» **GOAL OF THE EXERCISE**
Pick out each line below containing "Autodesk".

» **INPUT RECORDS**
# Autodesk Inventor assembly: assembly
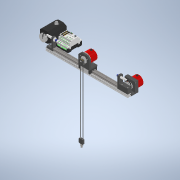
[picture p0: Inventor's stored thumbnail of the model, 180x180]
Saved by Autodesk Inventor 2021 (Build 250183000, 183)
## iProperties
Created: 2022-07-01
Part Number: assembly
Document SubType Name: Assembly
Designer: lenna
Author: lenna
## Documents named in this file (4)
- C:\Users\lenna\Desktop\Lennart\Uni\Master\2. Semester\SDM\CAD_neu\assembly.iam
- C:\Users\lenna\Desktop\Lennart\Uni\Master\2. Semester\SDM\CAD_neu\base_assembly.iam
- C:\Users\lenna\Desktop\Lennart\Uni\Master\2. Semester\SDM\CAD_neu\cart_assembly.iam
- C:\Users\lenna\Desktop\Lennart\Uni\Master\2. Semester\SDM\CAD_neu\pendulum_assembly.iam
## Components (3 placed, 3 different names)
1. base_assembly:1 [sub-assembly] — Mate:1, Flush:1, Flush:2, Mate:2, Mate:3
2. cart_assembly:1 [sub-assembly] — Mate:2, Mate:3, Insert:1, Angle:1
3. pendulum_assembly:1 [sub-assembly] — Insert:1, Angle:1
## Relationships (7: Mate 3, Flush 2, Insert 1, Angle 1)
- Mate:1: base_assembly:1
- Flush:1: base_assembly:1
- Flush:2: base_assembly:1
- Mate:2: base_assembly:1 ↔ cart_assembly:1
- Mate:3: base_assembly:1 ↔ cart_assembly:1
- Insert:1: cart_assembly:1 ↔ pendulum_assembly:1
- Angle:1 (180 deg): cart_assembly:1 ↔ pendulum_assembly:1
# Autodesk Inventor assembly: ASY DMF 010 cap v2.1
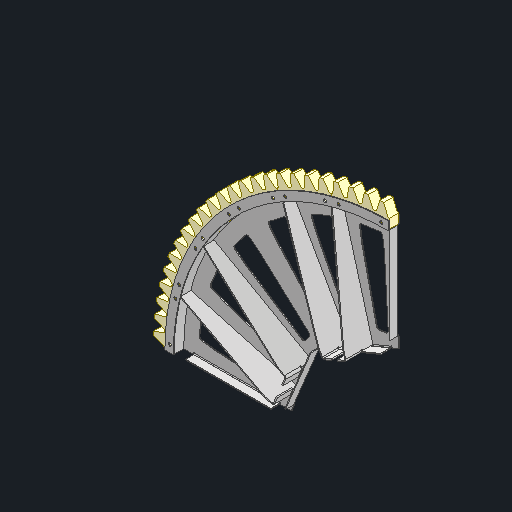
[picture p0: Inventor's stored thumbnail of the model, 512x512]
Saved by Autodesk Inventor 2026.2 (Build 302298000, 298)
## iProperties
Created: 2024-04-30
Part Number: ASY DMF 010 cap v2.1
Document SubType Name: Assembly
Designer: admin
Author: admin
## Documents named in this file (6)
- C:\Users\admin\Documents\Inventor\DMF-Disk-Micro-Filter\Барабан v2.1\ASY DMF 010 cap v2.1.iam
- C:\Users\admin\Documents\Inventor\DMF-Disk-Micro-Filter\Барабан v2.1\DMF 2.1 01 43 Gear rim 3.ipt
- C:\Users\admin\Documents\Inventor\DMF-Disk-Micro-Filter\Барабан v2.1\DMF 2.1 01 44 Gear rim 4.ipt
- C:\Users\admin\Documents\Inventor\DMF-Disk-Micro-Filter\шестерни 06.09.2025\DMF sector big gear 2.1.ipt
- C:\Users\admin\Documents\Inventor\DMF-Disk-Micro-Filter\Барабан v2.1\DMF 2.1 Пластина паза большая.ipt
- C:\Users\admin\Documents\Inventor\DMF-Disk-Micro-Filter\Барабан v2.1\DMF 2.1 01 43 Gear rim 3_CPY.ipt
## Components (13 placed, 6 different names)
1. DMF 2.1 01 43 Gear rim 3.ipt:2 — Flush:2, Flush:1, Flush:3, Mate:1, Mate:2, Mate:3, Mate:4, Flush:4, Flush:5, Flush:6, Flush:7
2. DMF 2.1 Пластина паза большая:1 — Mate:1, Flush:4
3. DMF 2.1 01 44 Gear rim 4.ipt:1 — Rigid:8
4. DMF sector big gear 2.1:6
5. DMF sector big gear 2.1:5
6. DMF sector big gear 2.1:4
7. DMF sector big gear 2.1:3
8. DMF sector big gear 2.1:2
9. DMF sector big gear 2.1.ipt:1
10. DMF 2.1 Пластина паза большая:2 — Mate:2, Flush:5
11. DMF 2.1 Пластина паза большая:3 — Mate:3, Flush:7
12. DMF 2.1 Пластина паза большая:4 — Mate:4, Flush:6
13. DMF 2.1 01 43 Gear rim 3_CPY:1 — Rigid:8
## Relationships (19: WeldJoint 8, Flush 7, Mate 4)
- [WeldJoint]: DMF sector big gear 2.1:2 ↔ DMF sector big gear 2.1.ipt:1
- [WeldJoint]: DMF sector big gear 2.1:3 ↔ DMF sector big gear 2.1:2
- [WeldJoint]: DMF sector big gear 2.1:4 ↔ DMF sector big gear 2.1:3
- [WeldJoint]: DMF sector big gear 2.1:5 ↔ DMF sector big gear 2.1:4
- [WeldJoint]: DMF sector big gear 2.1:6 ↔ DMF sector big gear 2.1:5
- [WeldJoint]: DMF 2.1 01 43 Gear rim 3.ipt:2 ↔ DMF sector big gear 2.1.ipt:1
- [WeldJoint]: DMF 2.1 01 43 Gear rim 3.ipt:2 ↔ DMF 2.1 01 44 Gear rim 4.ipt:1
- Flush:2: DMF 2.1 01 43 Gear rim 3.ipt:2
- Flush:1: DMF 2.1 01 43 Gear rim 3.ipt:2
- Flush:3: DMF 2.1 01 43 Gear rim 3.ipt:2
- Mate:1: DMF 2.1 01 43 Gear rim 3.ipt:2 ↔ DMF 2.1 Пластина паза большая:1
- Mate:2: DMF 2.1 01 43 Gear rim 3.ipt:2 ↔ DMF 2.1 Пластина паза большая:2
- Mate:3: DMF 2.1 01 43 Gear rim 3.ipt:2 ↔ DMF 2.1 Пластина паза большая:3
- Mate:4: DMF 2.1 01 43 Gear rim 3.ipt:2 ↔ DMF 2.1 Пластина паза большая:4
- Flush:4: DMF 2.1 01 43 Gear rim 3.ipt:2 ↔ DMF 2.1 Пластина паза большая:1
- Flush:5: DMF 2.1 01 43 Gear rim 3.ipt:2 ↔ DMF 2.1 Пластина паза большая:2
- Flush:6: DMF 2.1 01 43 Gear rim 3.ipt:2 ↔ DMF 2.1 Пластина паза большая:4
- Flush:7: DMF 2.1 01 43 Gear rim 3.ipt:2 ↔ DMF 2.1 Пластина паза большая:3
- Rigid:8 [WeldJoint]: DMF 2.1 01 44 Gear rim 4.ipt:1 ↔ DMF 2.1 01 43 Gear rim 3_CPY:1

» **ANSWER AREA**
# Autodesk Inventor assembly: assembly
Saved by Autodesk Inventor 2021 (Build 250183000, 183)
# Autodesk Inventor assembly: ASY DMF 010 cap v2.1
Saved by Autodesk Inventor 2026.2 (Build 302298000, 298)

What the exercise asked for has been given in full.